Attention-based gesture generating tool based on manual selection of keyword for content creators is developed.
•

New gesture database including attention information is created and free for public use.

2. Related Work

Gestures can be divided into mainly four categories, such as beat, deictic, iconic, and metaphoric (Mcneill, 1994). Beat is a gesture that has nothing to do with the content of the utterance; it is a gesture like shaking arms in time with the inflection of the voice. The other three types of gestures are, respectively, pointing gestures, gestures for concrete objects or actions, and gestures for abstract concepts; these are called representational, which express the content of speech. Absaliev et al. denote representational gestures as expressive gestures and analyze the connections between language and expressive gestures. (Abzaliev et al., 2022). Deep Gesture Generation (Teshima et al., 2022) proposed a method for generating gestures that takes these gesture types into account, however this paper focuses on the generation of representational gestures.

With the remarkable development of deep learning, recent research in gesture generation has tended to be data-driven, with some methods generating gestures from audio, text, or both, or other modalities as well. The trend in gesture generation in recent years has been probabilistic generative models, e.g., adversarial model (Ginosar et al., 2019; Ferstl et al., 2020; Habibie et al., 2021), normalizing flow-based model (Alexanderson et al., 2020), and VAE model (Li et al., 2021). On the other hand, deterministic models like RNN-based models (Kucherenko et al., 2021a; Takeuchi et al., 2017), Seq2Seq model (Yoon et al., 2019), and auto-encoder model (Lu et al., 2021) also exist. Li et al. (Li et al., 2021) pointed out that deterministic generative models to date have been trained with a one-to-one mapping of audio or text to gesture, but because of the diversity of gestures, they trained to separate latent features so that text and gesture were one-to-many. Also, there is a model that predict gesture parameters from speech and refer to appropriate gestures from a database (Ferstl et al., 2021). Outputting gestures directly from the database enable the generation of gestures that are more human-like. However generating representational gestures from audio alone is difficult because it is hard for the network to learn semantic information related to gestures.
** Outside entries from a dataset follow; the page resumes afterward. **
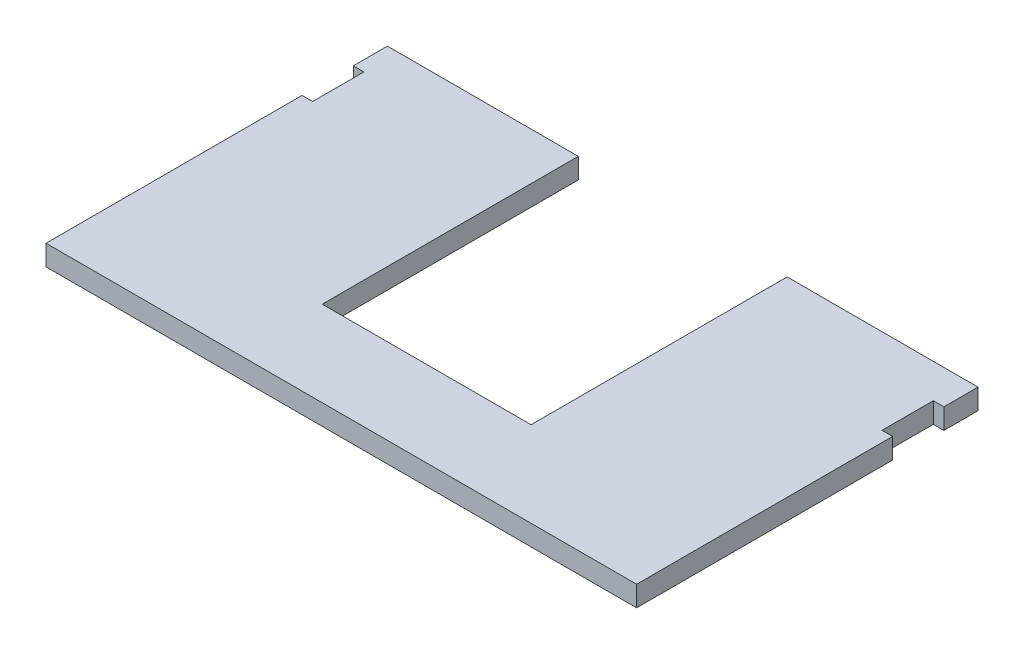
SolidWorks part; units mm, degrees
ref_plane "Front Plane" through (0, 0, 0) normal (0, 0, 1) x (1, 0, 0)
ref_plane "Top Plane" through (0, 0, 0) normal (0, 1, 0) x (1, 0, 0)
ref_plane "Right Plane" through (0, 0, 0) normal (1, 0, 0) x (0, 0, -1)
sketch "Sketch1" plane through (0, 0, 0) normal (0, 1, 0) x (1, 0, 0)
  line L0 (86.5, -920) -> (86.5, 49080) construction
  line L1 (0, 0) -> (173, 0)
  line L2 (0, 0) -> (0, 100)
  line L3 (0, 100) -> (173, 100)
  line L4 (173, 0) -> (173, 100)
  line L5 (55.915, 100) -> (117.085, 100)
  line L6 (55.915, 100) -> (55.915, 25)
  line L7 (55.915, 25) -> (117.085, 25)
  line L8 (117.085, 100) -> (117.085, 25)
  line L9 (0, 90) -> (3.1, 90)
  line L10 (0, 90) -> (0, 75)
  line L11 (0, 75) -> (3.1, 75)
  line L12 (3.1, 90) -> (3.1, 75)
  line L13 (173, 75) -> (169.9, 75)
  line L14 (169.9, 90) -> (169.9, 75)
  line L15 (173, 90) -> (169.9, 90)
  line L16 (173, 90) -> (173, 75)
  point P9 (86.5, 25)
  point P10 (86.5, 0)
  point P18 (86.5, 100)
  dimension "D1" = 173
  dimension "D2" = 100
  dimension "D3" = 61.17
  dimension "D4" = 75
  dimension "D5" = 3.1
  dimension "D6" = 15
  dimension "D7" = 10
extrude "Boss-Extrude1" add sketch "Sketch1" along normal blind 6 contours L1 L0 L7 L6 L3 L2 L9 L12 L11 L10 | L0 L1 L4 L3 L8 L7 L15 L16 L13 L14

While there are many methods for generating gestures from audio(Ginosar et al., 2019; Kucherenko et al., 2019; Li et al., 2021; Ao et al., 2022; Xu et al., 2022; Liu et al., 2022a), there are also methods for generating gestures from text, such as Seq2Seq (Yoon et al., 2019), transformer model (Bhattacharya et al., 2021), and GPT model (Gao et al., 2023). A more recent trend is to generate gestures using both text and audio (Kucherenko et al., 2020; Liang et al., 2022; Ao et al., [n. d.]), using the speaker’s ID as input (Yoon et al., 2020; Liu et al., 2022b), and also facial expressions and emotions (Liu et al., 2022c). Ginosar et al. focused on generating individual-specific gestures because of the diversity of gestures (Ginosar et al., 2019), Yoon et al. controlled the generated gestures by providing the speaker’s ID as input (Yoon et al., 2020). For those who actually design the gesture, the more input modalities, the higher hurdle to generate gestures. Therefore, we propose a method to generate gestures using only text as input. Our method can also generate a gesture by adding Attention as an input, specifying the words that we want to appear as an representational gesture.

3. Proposed Method

ACT2G takes text as input, and output a realistic gesture. The training process is divided into three parts: (1) Gesture-VAE, (2) attention-based text encoder, and (3) contrastive learning. The ACT2G pipeline including (2) and (3) is shown in Fig. 2. In Sec. 3.1, we introduce the gesture clustering as a preliminary preparation. Sec. 3.2 introduces the first half of ACT2G, attention-based text encoder, and Sec. 3.3 describes the contrastive learning process for gesture generation.

3.1. Gesture Clustering Using Gesture-VAE

As Li et al. mentioned (Li et al., 2021), recent data driven methods take an approach where the input (text, audio, speaker ID, etc.) and the output (gesture) are mapped in a one-to-one fashion. However gestures are diverse, and the same gesture does not always appear in the same text. Inconsistencies in training data can hinder learning. Therefore, in order to achieve a one-to-many correspondences between gesture and text, we apply clustering on gestures in advance.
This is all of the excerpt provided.